"""

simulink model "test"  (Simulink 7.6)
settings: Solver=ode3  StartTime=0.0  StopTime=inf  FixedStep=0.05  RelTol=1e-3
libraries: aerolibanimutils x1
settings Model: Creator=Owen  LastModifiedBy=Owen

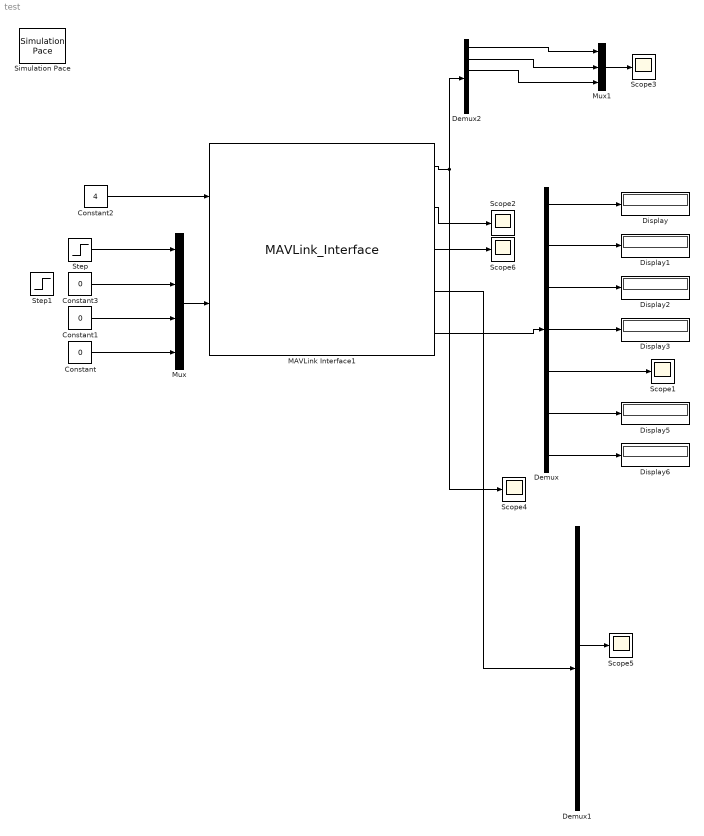
== system test ==
  Constant : Constant  Value=0
  Constant1 : Constant  Value=0
  Constant2 : Constant  Value=4
  Constant3 : Constant  Value=0
  Demux : Demux  Outputs=7
  Demux1 : Demux  Outputs=6
  Demux2 : Demux  Outputs=6
  Display{,1..3,5..6} (6 alike) : Display
  MAVLink Interface1 : S-Function  FunctionName=MAVLink_Interface  Parameters=COM_Port,Baud_Rate,IP_ADDRESS,IP_PORT,SYS_ID,COMP_ID,COMP_TARG,MSG_INPUT,MSG_OUTPUT  EnableBusSupport=off  mask{COM_Port='', Baud_Rate=115200, IP_ADDRESS='131.231.124.183', IP_PORT=5013, SYS_ID=255, COMP_ID=0, COMP_TARG='/aircraft/LU-WOTA/APM', HEART_BEAT=off, ATTITUDE_OUT=on, RAW_IMU=off, POSITION_OUT=on, POSITION_OUT2=on, VFR_HUD=on, RC_SCALED=off, SERVO_OUT_RAW=off, SYS_STATUS=on, SET_MODE=on, DATA_STREAM=off, ATTITUDE_COMMAND=on, RC_OVERRIDE=off, ATTITUDE_IN=off, GPS_RAW_IN=off, VFR_HUD_IN=off}
      mask prompts: COM_Port "COM Port"; Baud_Rate "Baud Rate"; IP_ADDRESS "IP Address"; IP_PORT "Port"; SYS_ID "System ID"; COMP_ID "Component ID"; COMP_TARG "Target Component"; HEART_BEAT "Heartbeat"; ATTITUDE_OUT "Attitude"; RAW_IMU "Raw IMU"; POSITION_OUT "Global Position"; POSITION_OUT2 "Global Position 2"; VFR_HUD "VFR HUD"; RC_SCALED "Scaled RC Channels"; SERVO_OUT_RAW "Raw Servo Positions"; SYS_STATUS "System Status"; SET_MODE "Mode"; DATA_STREAM "Datastream Request"; ATTITUDE_COMMAND "Attitude Command"; RC_OVERRIDE "RC Override"; ATTITUDE_IN "Attitude (HIL)"; GPS_RAW_IN "Raw GPS (HIL)"; VFR_HUD_IN "VFR HUD (HIL)"
      mask init:
      | MSG_ID_NUM_INPUT = [uint8(11) uint8(66) uint8(70) uint8(55) uint8(30) uint8(32) uint8(73)];
      | MSG_ID_NAME_INPUT = [SET_MODE DATA_STREAM RC_OVERRIDE ATTITUDE_COMMAND ATTITUDE_IN GPS_RAW_IN VFR_HUD_IN];
      | 
      | MSG_ID_NUM_OUTPUT = [uint8(0) uint8(30) uint8(28) uint8(73) uint8(32) uint8(74) uint8(36) uint8(37) uint8(34)];
      | MSG_ID_NAME_OUTPUT = [HEART_BEAT ATTITUDE_OUT RAW_IMU VFR_HUD POSITION_OUT2 POSITION_OUT RC_SCALED SERVO_OUT_RAW SYS_STATUS];
      | 
      | idx_input = find(MSG_ID_NAME_INPUT);
      | MSG_INPUT = MSG_ID_NUM_INPUT(idx_input);
      | 
      | idx_output = find(MSG_ID_NAME_OUTPUT);
      | MSG_OUTPUT = MSG_ID_NUM_OUTPUT(idx_output);
      mask TabNameString: Connection,Connection,Connection,Connection,MAVLink,MAVLink,MAVLink,Outputs,Outputs,Outputs,Outputs,Outputs,Outputs,Outputs,Outputs,Outputs,Inputs,Inputs,Inputs,Inputs,Inputs,Inputs,Inputs
      mask Display:
      | %Label block
      | 
      | if (~strcmp(COM_Port, ''))
      | fprintf('MAVLink Serial\n%s\n%dbps', COM_Port,  Baud_Rate)
      | end
      | if (~strcmp(IP_ADDRESS, ''))
      | fprintf('MAVLink TCP\n%s:%d', IP_ADDRESS,  IP_PORT)
      | end
      | fprintf('\n\n\n\n\n%d:%d\n%s', SYS_ID, COMP_ID, COMP_TARG)
      | 
      | 
      | %Label input ports
      | 
      | in = 1;
      | if (SET_MODE == 1)
      |     port_label('input', in, 'Mode');
      |     in = in + 1;
      | end
      | if (DATA_STREAM == 1)
      |     port_label('input', in, 'Datastream Request');
      |     in = in + 1;
      | end
      | if (ATTITUDE_COMMAND == 1)
      |     port_label('input', in, 'Attitude Command');
      |     in = in + 1;
      | end
      | if (ATTITUDE_IN == 1)
      |     port_label('input', in, 'Attitude (HIL)');
      |     in = in + 1;
      | end
      | if (GPS_RAW_IN == 1)
      |     port_label('input', in, 'Raw GPS (HIL)');
      |     in = in + 1;
      | end
      | if (VFR_HUD_IN == 1)
      |     port_label('input', in, 'VFR HUD (HIL)');
      |     in = in + 1;
      | end
      | 
      | %Label output ports
      | 
      | out = 1;
      | if (HEART_BEAT == 1)
      |     port_label('output', out, 'Heartbeat');
      |     out = out + 1;
      | end
      | if (ATTITUDE_OUT == 1)
      |     port_label('output', out, 'Attitude');
      |     out = out + 1;
      | end
      | if (RAW_IMU == 1)
      |     port_label('output', out, 'Raw IMU');
      |     out = out + 1;
      | end
      | if (POSITION_OUT == 1)
      |     port_label('output', out, 'Global Position');
      |     out = out + 1;
      | end
      | if (POSITION_OUT2 == 1)
      |     port_label('output', out, 'Global Position 2');
      |     out = out + 1;
      | end
      | if (VFR_HUD == 1)
      |     port_label('output', out, 'VFR HUD');
      |     out = out + 1;
      | end
      | if (RC_SCALED == 1)
      |     port_label('output', out, 'Scaled RC Channels');
      |     out = out + 1;
      | end
      | if (SERVO_OUT_RAW == 1)
      |     port_label('output', out, 'Raw Servo Output');
      |     out = out + 1;
      | end
      | if (SYS_STATUS == 1)
      |     port_label('output', out, 'System Status');
      |     out = out + 1;
      | end
  Mux : Mux
  Mux1 : Mux  Inputs=3
  Scope{1..6} (6 alike) : Scope
      Scope1 settings: TimeRange=7  YMin=0  YMax=13000
      Scope2 settings: TimeRange=7  YMax=100  SaveName=ScopeData2
      Scope3 settings: TimeRange=7  YMin=-1.2  YMax=0.1  SaveName=ScopeData3
      Scope4 settings: TimeRange=7  YMin=-1  YMax=1
      Scope5 settings: TimeRange=7  YMin=115.9  YMax=128.1  SaveName=ScopeData4
      Scope6 settings: TimeRange=7  YMax=105  SaveName=ScopeData5
  Simulation Pace : aerolibanimutils/Simulation Pace  SimulationPace=1  SleepMode=MATLAB Thread  OutputPaceError=off  SampleTime=1/10
      settings: AttributesFormatString=%<SimulationPace> sec/sec
  Step : Step  Time=15  Before=-1  SampleTime=0
  Step1 : Step  Time=15  Before=0.2  SampleTime=0
  wires:
  Demux/2 -> Display1/1
  Demux/3 -> Display2/1
  Demux/4 -> Display3/1
  Demux/5 -> Scope1/1
  Demux/6 -> Display5/1
  Demux/7 -> Display6/1
  Constant/1 -> Mux/4
  Constant1/1 -> Mux/3
  Step/1 -> Mux/1
  Mux1/1 -> Scope3/1
  Demux/1 -> Display/1
  MAVLink Interface1/1 -> Scope4/1, Demux2/1
  MAVLink Interface1/2 -> Scope2/1
  MAVLink Interface1/3 -> Scope6/1
  MAVLink Interface1/5 -> Demux/1
  MAVLink Interface1/4 -> Demux1/1
  Demux1/3 -> Scope5/1
  Demux2/1 -> Mux1/1
  Demux2/2 -> Mux1/2
  Demux2/3 -> Mux1/3
  Mux/1 -> MAVLink Interface1/2
  Constant2/1 -> MAVLink Interface1/1
  Constant3/1 -> Mux/2

"""

### EXERCISE:
Find the string "Value" in the material above. Then copy each line that has it.

### TASK RESULT:
  Constant : Constant  Value=0
  Constant1 : Constant  Value=0
  Constant2 : Constant  Value=4
  Constant3 : Constant  Value=0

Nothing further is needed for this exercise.